#### [Your assignment]
Please copy every record below exactly, leaving out the pictures.

------ Supplied data

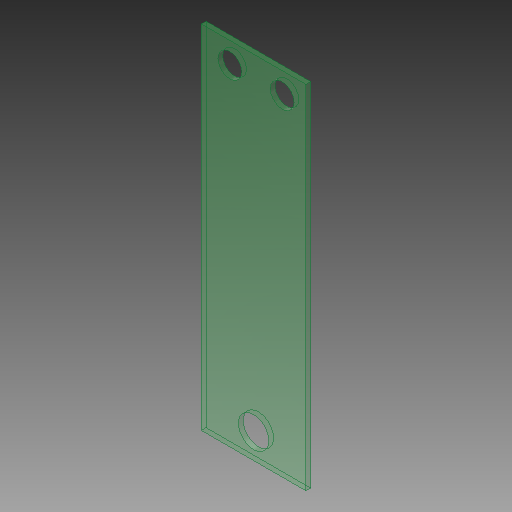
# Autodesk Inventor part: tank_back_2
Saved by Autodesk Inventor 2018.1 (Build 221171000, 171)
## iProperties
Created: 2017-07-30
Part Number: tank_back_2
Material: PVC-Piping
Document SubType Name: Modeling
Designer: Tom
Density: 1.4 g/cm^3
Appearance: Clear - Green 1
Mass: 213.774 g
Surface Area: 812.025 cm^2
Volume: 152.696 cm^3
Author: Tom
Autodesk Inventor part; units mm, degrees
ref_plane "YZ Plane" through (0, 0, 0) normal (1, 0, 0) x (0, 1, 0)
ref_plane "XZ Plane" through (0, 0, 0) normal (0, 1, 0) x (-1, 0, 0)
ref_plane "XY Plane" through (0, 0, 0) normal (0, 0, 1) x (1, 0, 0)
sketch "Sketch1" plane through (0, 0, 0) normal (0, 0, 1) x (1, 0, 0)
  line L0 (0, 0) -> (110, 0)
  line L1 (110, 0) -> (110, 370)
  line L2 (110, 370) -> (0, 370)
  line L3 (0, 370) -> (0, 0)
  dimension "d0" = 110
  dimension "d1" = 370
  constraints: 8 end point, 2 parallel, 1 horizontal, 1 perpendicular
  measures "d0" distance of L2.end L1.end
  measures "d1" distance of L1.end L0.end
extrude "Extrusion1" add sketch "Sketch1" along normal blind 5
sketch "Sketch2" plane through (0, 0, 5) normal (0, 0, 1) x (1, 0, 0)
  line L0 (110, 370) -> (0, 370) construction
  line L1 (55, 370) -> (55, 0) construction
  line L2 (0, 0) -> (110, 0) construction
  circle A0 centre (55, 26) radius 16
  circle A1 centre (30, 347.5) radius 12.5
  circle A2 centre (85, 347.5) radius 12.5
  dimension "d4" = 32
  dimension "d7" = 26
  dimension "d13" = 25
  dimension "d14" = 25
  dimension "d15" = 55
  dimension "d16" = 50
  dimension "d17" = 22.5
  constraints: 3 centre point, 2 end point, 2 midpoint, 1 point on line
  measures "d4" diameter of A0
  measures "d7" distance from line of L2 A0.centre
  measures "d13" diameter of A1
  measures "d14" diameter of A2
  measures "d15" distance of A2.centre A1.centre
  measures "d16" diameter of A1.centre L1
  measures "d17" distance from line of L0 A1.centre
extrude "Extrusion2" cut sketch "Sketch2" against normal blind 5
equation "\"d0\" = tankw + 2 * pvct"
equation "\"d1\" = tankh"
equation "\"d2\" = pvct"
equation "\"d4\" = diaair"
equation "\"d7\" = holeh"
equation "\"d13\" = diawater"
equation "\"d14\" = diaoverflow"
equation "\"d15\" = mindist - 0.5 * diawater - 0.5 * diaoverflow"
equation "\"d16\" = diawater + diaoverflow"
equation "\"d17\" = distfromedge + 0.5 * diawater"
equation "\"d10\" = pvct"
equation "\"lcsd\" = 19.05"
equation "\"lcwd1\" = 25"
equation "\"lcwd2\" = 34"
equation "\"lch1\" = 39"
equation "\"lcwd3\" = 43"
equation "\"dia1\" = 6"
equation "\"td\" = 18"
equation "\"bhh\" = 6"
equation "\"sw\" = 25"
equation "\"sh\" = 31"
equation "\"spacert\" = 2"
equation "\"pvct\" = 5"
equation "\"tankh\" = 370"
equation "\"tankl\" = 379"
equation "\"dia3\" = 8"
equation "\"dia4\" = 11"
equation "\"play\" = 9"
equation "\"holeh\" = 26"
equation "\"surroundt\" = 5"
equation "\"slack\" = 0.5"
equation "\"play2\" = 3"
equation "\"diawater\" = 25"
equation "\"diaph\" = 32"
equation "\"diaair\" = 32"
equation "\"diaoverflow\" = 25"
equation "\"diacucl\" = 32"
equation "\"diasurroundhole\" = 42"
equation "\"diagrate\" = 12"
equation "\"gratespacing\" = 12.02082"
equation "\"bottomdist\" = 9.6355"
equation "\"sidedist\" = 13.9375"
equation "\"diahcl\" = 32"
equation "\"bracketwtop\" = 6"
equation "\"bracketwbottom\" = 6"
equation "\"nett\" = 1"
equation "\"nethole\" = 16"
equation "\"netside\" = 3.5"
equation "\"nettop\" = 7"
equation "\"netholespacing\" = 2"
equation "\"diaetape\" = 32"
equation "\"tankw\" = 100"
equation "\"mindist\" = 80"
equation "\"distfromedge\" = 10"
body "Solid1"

------------

#### [Response to this exercise]
# Autodesk Inventor part: tank_back_2
Saved by Autodesk Inventor 2018.1 (Build 221171000, 171)
## iProperties
Created: 2017-07-30
Part Number: tank_back_2
Material: PVC-Piping
Document SubType Name: Modeling
Designer: Tom
Density: 1.4 g/cm^3
Appearance: Clear - Green 1
Mass: 213.774 g
Surface Area: 812.025 cm^2
Volume: 152.696 cm^3
Author: Tom
Autodesk Inventor part; units mm, degrees
ref_plane "YZ Plane" through (0, 0, 0) normal (1, 0, 0) x (0, 1, 0)
ref_plane "XZ Plane" through (0, 0, 0) normal (0, 1, 0) x (-1, 0, 0)
ref_plane "XY Plane" through (0, 0, 0) normal (0, 0, 1) x (1, 0, 0)
sketch "Sketch1" plane through (0, 0, 0) normal (0, 0, 1) x (1, 0, 0)
  line L0 (0, 0) -> (110, 0)
  line L1 (110, 0) -> (110, 370)
  line L2 (110, 370) -> (0, 370)
  line L3 (0, 370) -> (0, 0)
  dimension "d0" = 110
  dimension "d1" = 370
  constraints: 8 end point, 2 parallel, 1 horizontal, 1 perpendicular
  measures "d0" distance of L2.end L1.end
  measures "d1" distance of L1.end L0.end
extrude "Extrusion1" add sketch "Sketch1" along normal blind 5
sketch "Sketch2" plane through (0, 0, 5) normal (0, 0, 1) x (1, 0, 0)
  line L0 (110, 370) -> (0, 370) construction
  line L1 (55, 370) -> (55, 0) construction
  line L2 (0, 0) -> (110, 0) construction
  circle A0 centre (55, 26) radius 16
  circle A1 centre (30, 347.5) radius 12.5
  circle A2 centre (85, 347.5) radius 12.5
  dimension "d4" = 32
  dimension "d7" = 26
  dimension "d13" = 25
  dimension "d14" = 25
  dimension "d15" = 55
  dimension "d16" = 50
  dimension "d17" = 22.5
  constraints: 3 centre point, 2 end point, 2 midpoint, 1 point on line
  measures "d4" diameter of A0
  measures "d7" distance from line of L2 A0.centre
  measures "d13" diameter of A1
  measures "d14" diameter of A2
  measures "d15" distance of A2.centre A1.centre
  measures "d16" diameter of A1.centre L1
  measures "d17" distance from line of L0 A1.centre
extrude "Extrusion2" cut sketch "Sketch2" against normal blind 5
equation "\"d0\" = tankw + 2 * pvct"
equation "\"d1\" = tankh"
equation "\"d2\" = pvct"
equation "\"d4\" = diaair"
equation "\"d7\" = holeh"
equation "\"d13\" = diawater"
equation "\"d14\" = diaoverflow"
equation "\"d15\" = mindist - 0.5 * diawater - 0.5 * diaoverflow"
equation "\"d16\" = diawater + diaoverflow"
equation "\"d17\" = distfromedge + 0.5 * diawater"
equation "\"d10\" = pvct"
equation "\"lcsd\" = 19.05"
equation "\"lcwd1\" = 25"
equation "\"lcwd2\" = 34"
equation "\"lch1\" = 39"
equation "\"lcwd3\" = 43"
equation "\"dia1\" = 6"
equation "\"td\" = 18"
equation "\"bhh\" = 6"
equation "\"sw\" = 25"
equation "\"sh\" = 31"
equation "\"spacert\" = 2"
equation "\"pvct\" = 5"
equation "\"tankh\" = 370"
equation "\"tankl\" = 379"
equation "\"dia3\" = 8"
equation "\"dia4\" = 11"
equation "\"play\" = 9"
equation "\"holeh\" = 26"
equation "\"surroundt\" = 5"
equation "\"slack\" = 0.5"
equation "\"play2\" = 3"
equation "\"diawater\" = 25"
equation "\"diaph\" = 32"
equation "\"diaair\" = 32"
equation "\"diaoverflow\" = 25"
equation "\"diacucl\" = 32"
equation "\"diasurroundhole\" = 42"
equation "\"diagrate\" = 12"
equation "\"gratespacing\" = 12.02082"
equation "\"bottomdist\" = 9.6355"
equation "\"sidedist\" = 13.9375"
equation "\"diahcl\" = 32"
equation "\"bracketwtop\" = 6"
equation "\"bracketwbottom\" = 6"
equation "\"nett\" = 1"
equation "\"nethole\" = 16"
equation "\"netside\" = 3.5"
equation "\"nettop\" = 7"
equation "\"netholespacing\" = 2"
equation "\"diaetape\" = 32"
equation "\"tankw\" = 100"
equation "\"mindist\" = 80"
equation "\"distfromedge\" = 10"
body "Solid1"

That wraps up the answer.